To configure this input, specify a list of glob-based paths that must be crawled to locate and fetch the log lines.

Example configuration:

{beatname_lc}.inputs:
- type: filestream
  id: my-filestream-id
  paths:
    - /var/log/messages
    - /var/log/*.log

You can apply additional configuration settings (such as fields, include_lines, exclude_lines and so on) to the lines harvested from these files. The options that you specify are applied to all the files harvested by this input.

To apply different configuration settings to different files, you need to define multiple input sections:

{beatname_lc}.inputs:
- type: filestream <1>
  id: my-filestream-id
  paths:
    - /var/log/system.log
    - /var/log/wifi.log
- type: filestream <2>
  id: bar
  paths:
    - "/var/log/apache2/*"
  fields:
    apache: true
  1. Harvests lines from two files: system.log and wifi.log.

  2. Harvests lines from every file in the apache2 directory, and uses the fields configuration option to add a field called apache to the output.

Reading files on network shares and cloud providers

Warning
Filebeat does not support reading from network shares and cloud providers.

However, one of the limitations of these data sources can be mitigated if you configure Filebeat adequately.

By default, {beatname_uc} identifies files based on their inodes and device IDs. However, on network shares and cloud providers these values might change during the lifetime of the file. If this happens {beatname_uc} thinks that file is new and resends the whole content of the file. To solve this problem you can configure file_identity option. Possible values besides the default inode_deviceid are path and inode_marker.

Warning
Changing file_identity methods between runs may result in duplicated events in the output.

Selecting path instructs {beatname_uc} to identify files based on their paths. This is a quick way to avoid rereading files if inode and device ids might change. However, keep in mind if the files are rotated (renamed), they will be reread and resubmitted.

The option inode_marker can be used if the inodes stay the same even if the device id is changed. You should choose this method if your files are rotated instead of path if possible. You have to configure a marker file readable by {beatname_uc} and set the path in the option path of inode_marker.

The content of this file must be unique to the device. You can put the UUID of the device or mountpoint where the input is stored. The following example oneliner generates a hidden marker file for the selected mountpoint /logs: Please note that you should not use this option on Windows as file identifiers might be more volatile.

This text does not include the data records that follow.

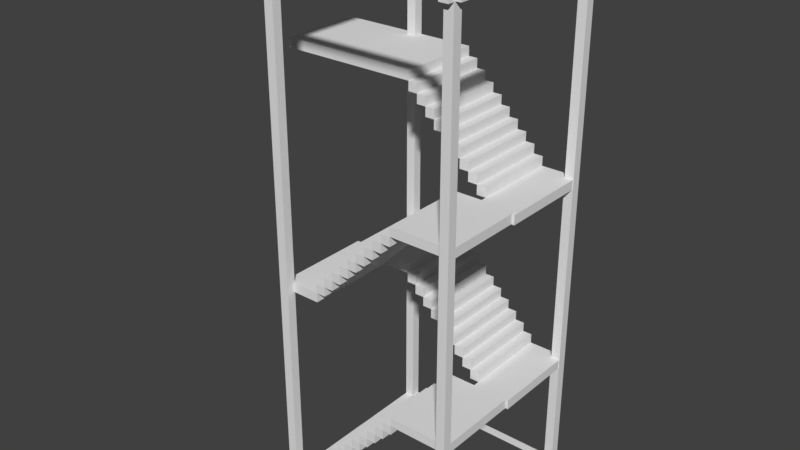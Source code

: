 # Source: lp_winding_steps.blend  (saved by Blender 2.78.0; exported with 4.5.12 LTS)
import bpy
from mathutils import Matrix  # noqa: F401  (used for matrix-valued properties, if any)

bpy.ops.wm.read_factory_settings(use_empty=True)
scene = bpy.context.scene
scene.name = 'Scene'

# ---- collections
col_collection_1 = bpy.data.collections.new('Collection 1'); scene.collection.children.link(col_collection_1)

# ---- world
world_world = bpy.data.worlds.new('World'); scene.world = world_world
world_world.color = (0.05088, 0.05088, 0.05088)
world_world.use_sun_shadow = False
world_world.sun_shadow_jitter_overblur = 0.0
world_world.cycles.sampling_method = 'MANUAL'

# ---- meshes
me_cube_002 = bpy.data.meshes.new('Cube.002')
me_cube_002.from_pydata([(2.0, 2.0, 0.0), (-2.0, 2.0, 0.0), (2.0, -2.0, 0.0), (-2.0, -2.0, 0.0), (-1.802, 2.0, 0.0), (-1.802, -2.0, 0.0), (-2.0, -1.807, 0.0), (2.0, -1.807, 0.0), (-1.802, -1.807, 0.0), (2.0, 1.802, 0.0), (-1.802, 1.802, 0.0), (-2.0, 1.802, 0.0), (1.807, -2.0, 0.0), (1.807, 2.0, 0.0), (1.807, -1.807, 0.0), (1.807, 1.802, 0.0), (-2.0, -1.807, 11.03), (-2.0, -2.0, 11.03), (-1.802, 2.0, 11.03), (-2.0, 2.0, 11.03), (1.807, -2.0, 11.03), (2.0, -2.0, 11.03), (2.0, 1.802, 11.03), (2.0, 2.0, 11.03), (-1.802, -2.0, 11.03), (-1.802, 1.802, 11.03), (2.0, -1.807, 11.03), (-1.802, -1.807, 11.03), (-2.0, 1.802, 11.03), (1.807, 2.0, 11.03), (1.807, -1.807, 11.03), (1.807, 1.802, 11.03), (-1.802, -1.807, 10.84), (-1.802, -2.0, 10.84), (-2.0, -1.807, 10.84), (-2.0, -2.0, 10.84), (2.117, -1.982, 11.03), (2.117, -1.79, 11.03), (2.117, -1.79, 10.84), (2.117, -1.982, 10.84), (-1.802, 2.176, 11.03), (-2.0, 2.176, 11.03), (-1.802, 2.176, 10.84), (-2.0, 2.176, 10.84), (-2.0, -2.129, 11.03), (-1.802, -2.129, 11.03), (-2.0, -2.129, 10.84), (-1.802, -2.129, 10.84), (-2.181, -1.807, 11.03), (-2.181, -2.0, 11.03), (-2.181, -1.807, 10.84), (-2.181, -2.0, 10.84), (1.807, -2.0, 10.83), (1.807, -1.807, 10.83), (2.0, -1.807, 10.83), (2.0, -2.0, 10.83), (2.009, 2.192, 11.01), (1.816, 2.192, 11.01), (2.009, 2.192, 10.82), (1.816, 2.192, 10.82), (2.0, 2.0, 10.84), (2.0, 1.802, 10.84), (1.807, 1.802, 10.84), (1.807, 2.0, 10.84), (-2.437, 1.802, 11.03), (-2.437, 2.0, 11.03), (-2.437, 1.802, 10.84), (-2.437, 2.0, 10.84), (2.215, 1.802, 11.03), (2.215, 2.0, 11.03), (2.215, 2.0, 10.84), (2.215, 1.802, 10.84), (1.807, -2.134, 11.03), (2.0, -2.134, 11.03), (1.807, -2.134, 10.83), (2.0, -2.134, 10.83)], [], [(53, 52, 20, 30), (1, 11, 28, 19), (60, 23, 69, 70), (10, 4, 18, 25), (6, 8, 10, 11), (14, 7, 9, 15), (31, 22, 23, 29), (5, 12, 14, 8), (10, 15, 13, 4), (28, 25, 18, 19), (17, 24, 27, 16), (20, 21, 26, 30), (11, 10, 25, 28), (55, 54, 26, 21), (63, 62, 66, 67), (32, 27, 37, 38), (16, 27, 40, 41), (60, 63, 29, 23), (16, 34, 50, 48), (26, 54, 58, 56), (4, 1, 19, 18), (24, 17, 44, 45), (62, 61, 22, 31), (52, 55, 75, 74), (3, 5, 33, 35), (6, 3, 35, 34), (8, 6, 34, 32), (5, 8, 32, 33), (39, 38, 37, 36), (33, 32, 38, 39), (24, 33, 39, 36), (27, 24, 36, 37), (42, 43, 41, 40), (34, 16, 41, 43), (27, 32, 42, 40), (32, 34, 43, 42), (46, 47, 45, 44), (33, 24, 45, 47), (17, 35, 46, 44), (35, 33, 47, 46), (50, 51, 49, 48), (34, 35, 51, 50), (17, 16, 48, 49), (35, 17, 49, 51), (12, 2, 55, 52), (7, 14, 53, 54), (2, 7, 54, 55), (14, 12, 52, 53), (58, 59, 57, 56), (54, 53, 59, 58), (53, 30, 57, 59), (30, 26, 56, 57), (15, 9, 61, 62), (0, 13, 63, 60), (13, 15, 62, 63), (9, 0, 60, 61), (67, 66, 64, 65), (31, 29, 65, 64), (62, 31, 64, 66), (29, 63, 67, 65), (71, 70, 69, 68), (61, 60, 70, 71), (23, 22, 68, 69), (22, 61, 71, 68), (74, 75, 73, 72), (21, 20, 72, 73), (20, 52, 74, 72), (55, 21, 73, 75)])
me_cube_002.use_remesh_preserve_volume = False
me_cube_002.use_remesh_preserve_attributes = False
me_cube_002.use_mirror_vertex_groups = False
me_cube_002.update()
me_cube_001 = bpy.data.meshes.new('Cube.001')
me_cube_001.from_pydata([(-1.589, -0.0002323, 0.2419), (-1.589, -0.0002323, 0.04191), (-1.589, -1.835, 0.2419), (-1.589, -1.835, 0.04191), (-1.789, -0.0002323, 0.2419), (-1.789, -0.0002323, 0.04191), (-1.789, -1.835, 0.2419), (-1.789, -1.835, 0.04191), (-1.389, -0.0002323, 0.4419), (-1.389, -0.0002323, 0.2419), (-1.389, -1.835, 0.4419), (-1.389, -1.835, 0.2419), (-1.589, -0.0002323, 0.4419), (-1.589, -0.0002323, 0.2419), (-1.589, -1.835, 0.4419), (-1.589, -1.835, 0.2419), (-1.189, -0.0002323, 0.6419), (-1.189, -0.0002323, 0.4419), (-1.189, -1.835, 0.6419), (-1.189, -1.835, 0.4419), (-1.389, -0.0002323, 0.6419), (-1.389, -0.0002323, 0.4419), (-1.389, -1.835, 0.6419), (-1.389, -1.835, 0.4419), (-0.9894, -0.0002323, 0.8419), (-0.9894, -0.0002323, 0.6419), (-0.9894, -1.835, 0.8419), (-0.9894, -1.835, 0.6419), (-1.189, -0.0002323, 0.8419), (-1.189, -0.0002323, 0.6419), (-1.189, -1.835, 0.8419), (-1.189, -1.835, 0.6419), (-0.7894, -0.0002323, 1.042), (-0.7894, -0.0002323, 0.8419), (-0.7894, -1.835, 1.042), (-0.7894, -1.835, 0.8419), (-0.9894, -0.0002323, 1.042), (-0.9894, -0.0002323, 0.8419), (-0.9894, -1.835, 1.042), (-0.9894, -1.835, 0.8419), (-0.5894, -0.0002323, 1.242), (-0.5894, -0.0002323, 1.042), (-0.5894, -1.835, 1.242), (-0.5894, -1.835, 1.042), (-0.7894, -0.0002323, 1.242), (-0.7894, -0.0002323, 1.042), (-0.7894, -1.835, 1.242), (-0.7894, -1.835, 1.042), (-0.3894, -0.0002323, 1.442), (-0.3894, -0.0002323, 1.242), (-0.3894, -1.835, 1.442), (-0.3894, -1.835, 1.242), (-0.5894, -0.0002323, 1.442), (-0.5894, -0.0002323, 1.242), (-0.5894, -1.835, 1.442), (-0.5894, -1.835, 1.242), (-0.1894, -0.0002323, 1.642), (-0.1894, -0.0002323, 1.442), (-0.1894, -1.835, 1.642), (-0.1894, -1.835, 1.442), (-0.3894, -0.0002323, 1.642), (-0.3894, -0.0002323, 1.442), (-0.3894, -1.835, 1.642), (-0.3894, -1.835, 1.442), (0.01062, -0.0002323, 1.842), (0.01062, -0.0002323, 1.642), (0.01062, -1.835, 1.842), (0.01062, -1.835, 1.642), (-0.1894, -0.0002323, 1.842), (-0.1894, -0.0002323, 1.642), (-0.1894, -1.835, 1.842), (-0.1894, -1.835, 1.642), (0.2106, -0.0002323, 2.042), (0.2106, -0.0002323, 1.842), (0.2106, -1.835, 2.042), (0.2106, -1.835, 1.842), (0.01062, -0.0002323, 2.042), (0.01062, -0.0002323, 1.842), (0.01062, -1.835, 2.042), (0.01062, -1.835, 1.842), (0.4106, -0.0002323, 2.242), (0.4106, -0.0002323, 2.042), (0.4106, -1.835, 2.242), (0.4106, -1.835, 2.042), (0.2106, -0.0002323, 2.242), (0.2106, -0.0002323, 2.042), (0.2106, -1.835, 2.242), (0.2106, -1.835, 2.042), (0.6106, -0.0002323, 2.442), (0.6106, -0.0002323, 2.242), (0.6106, -1.835, 2.442), (0.6106, -1.835, 2.242), (0.4106, -0.0002323, 2.442), (0.4106, -0.0002323, 2.242), (0.4106, -1.835, 2.442), (0.4106, -1.835, 2.242), (0.8106, -0.0002323, 2.642), (0.8106, -0.0002323, 2.442), (0.8106, -1.835, 2.642), (0.8106, -1.835, 2.442), (0.6106, -0.0002323, 2.642), (0.6106, -0.0002323, 2.442), (0.6106, -1.835, 2.642), (0.6106, -1.835, 2.442), (1.937, -1.835, 2.642), (1.937, -1.835, 2.442), (1.937, -0.0002323, 2.642), (1.937, -0.0002323, 2.442), (1.389, 0.1455, 6.44), (1.389, 0.1455, 6.64), (1.389, 1.98, 6.44), (1.389, 1.98, 6.64), (1.189, 0.1455, 6.44), (1.189, 0.1455, 6.64), (1.189, 1.98, 6.44), (1.189, 1.98, 6.64), (1.988, 1.98, 6.64), (1.988, 1.98, 6.44), (1.988, 0.1455, 6.64), (1.988, 0.1455, 6.44), (1.988, 0.1455, 2.436), (1.988, 0.1455, 2.636), (1.988, 1.98, 2.436), (1.988, 1.98, 2.636), (1.189, 1.98, 2.636), (1.189, 1.98, 2.436), (1.189, 0.1455, 2.636), (1.189, 0.1455, 2.436), (1.389, 1.98, 2.636), (1.389, 1.98, 2.436), (1.389, 0.1455, 2.636), (1.389, 0.1455, 2.436), (0.9894, 1.98, 2.836), (0.9894, 1.98, 2.636), (0.9894, 0.1455, 2.836), (0.9894, 0.1455, 2.636), (1.189, 1.98, 2.836), (1.189, 1.98, 2.636), (1.189, 0.1455, 2.836), (1.189, 0.1455, 2.636), (0.7894, 1.98, 3.036), (0.7894, 1.98, 2.836), (0.7894, 0.1455, 3.036), (0.7894, 0.1455, 2.836), (0.9894, 1.98, 3.036), (0.9894, 1.98, 2.836), (0.9894, 0.1455, 3.036), (0.9894, 0.1455, 2.836), (0.5894, 1.98, 3.236), (0.5894, 1.98, 3.036), (0.5894, 0.1455, 3.236), (0.5894, 0.1455, 3.036), (0.7894, 1.98, 3.236), (0.7894, 1.98, 3.036), (0.7894, 0.1455, 3.236), (0.7894, 0.1455, 3.036), (0.3894, 1.98, 3.436), (0.3894, 1.98, 3.236), (0.3894, 0.1455, 3.436), (0.3894, 0.1455, 3.236), (0.5894, 1.98, 3.436), (0.5894, 1.98, 3.236), (0.5894, 0.1455, 3.436), (0.5894, 0.1455, 3.236), (0.1894, 1.98, 3.636), (0.1894, 1.98, 3.436), (0.1894, 0.1455, 3.636), (0.1894, 0.1455, 3.436), (0.3894, 1.98, 3.636), (0.3894, 1.98, 3.436), (0.3894, 0.1455, 3.636), (0.3894, 0.1455, 3.436), (-0.01062, 1.98, 3.836), (-0.01062, 1.98, 3.636), (-0.01062, 0.1455, 3.836), (-0.01062, 0.1455, 3.636), (0.1894, 1.98, 3.836), (0.1894, 1.98, 3.636), (0.1894, 0.1455, 3.836), (0.1894, 0.1455, 3.636), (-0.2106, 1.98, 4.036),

$ lsblk -o MOUNTPOINT,UUID | grep /logs | awk '{print $2}' >> /logs/.filebeat-marker

To set the generated file as a marker for file_identity you should configure the input the following way:

{beatname_lc}.inputs:
- type: filestream
  id: my-filestream-id
  paths:
    - /logs/*.log
  file_identity.inode_marker.path: /logs/.filebeat-marker

Reading from rotating logs

When dealing with file rotation, avoid harvesting symlinks. Instead use the [filestream-input-paths] setting to point to the original file, and specify a pattern that matches the file you want to harvest and all of its rotated files. Also make sure your log rotation strategy prevents lost or duplicate messages. For more information, see [file-log-rotation].

Furthermore, to avoid duplicate of rotated log messages, do not use the path method for file_identity. Or exclude the rotated files with exclude_files option.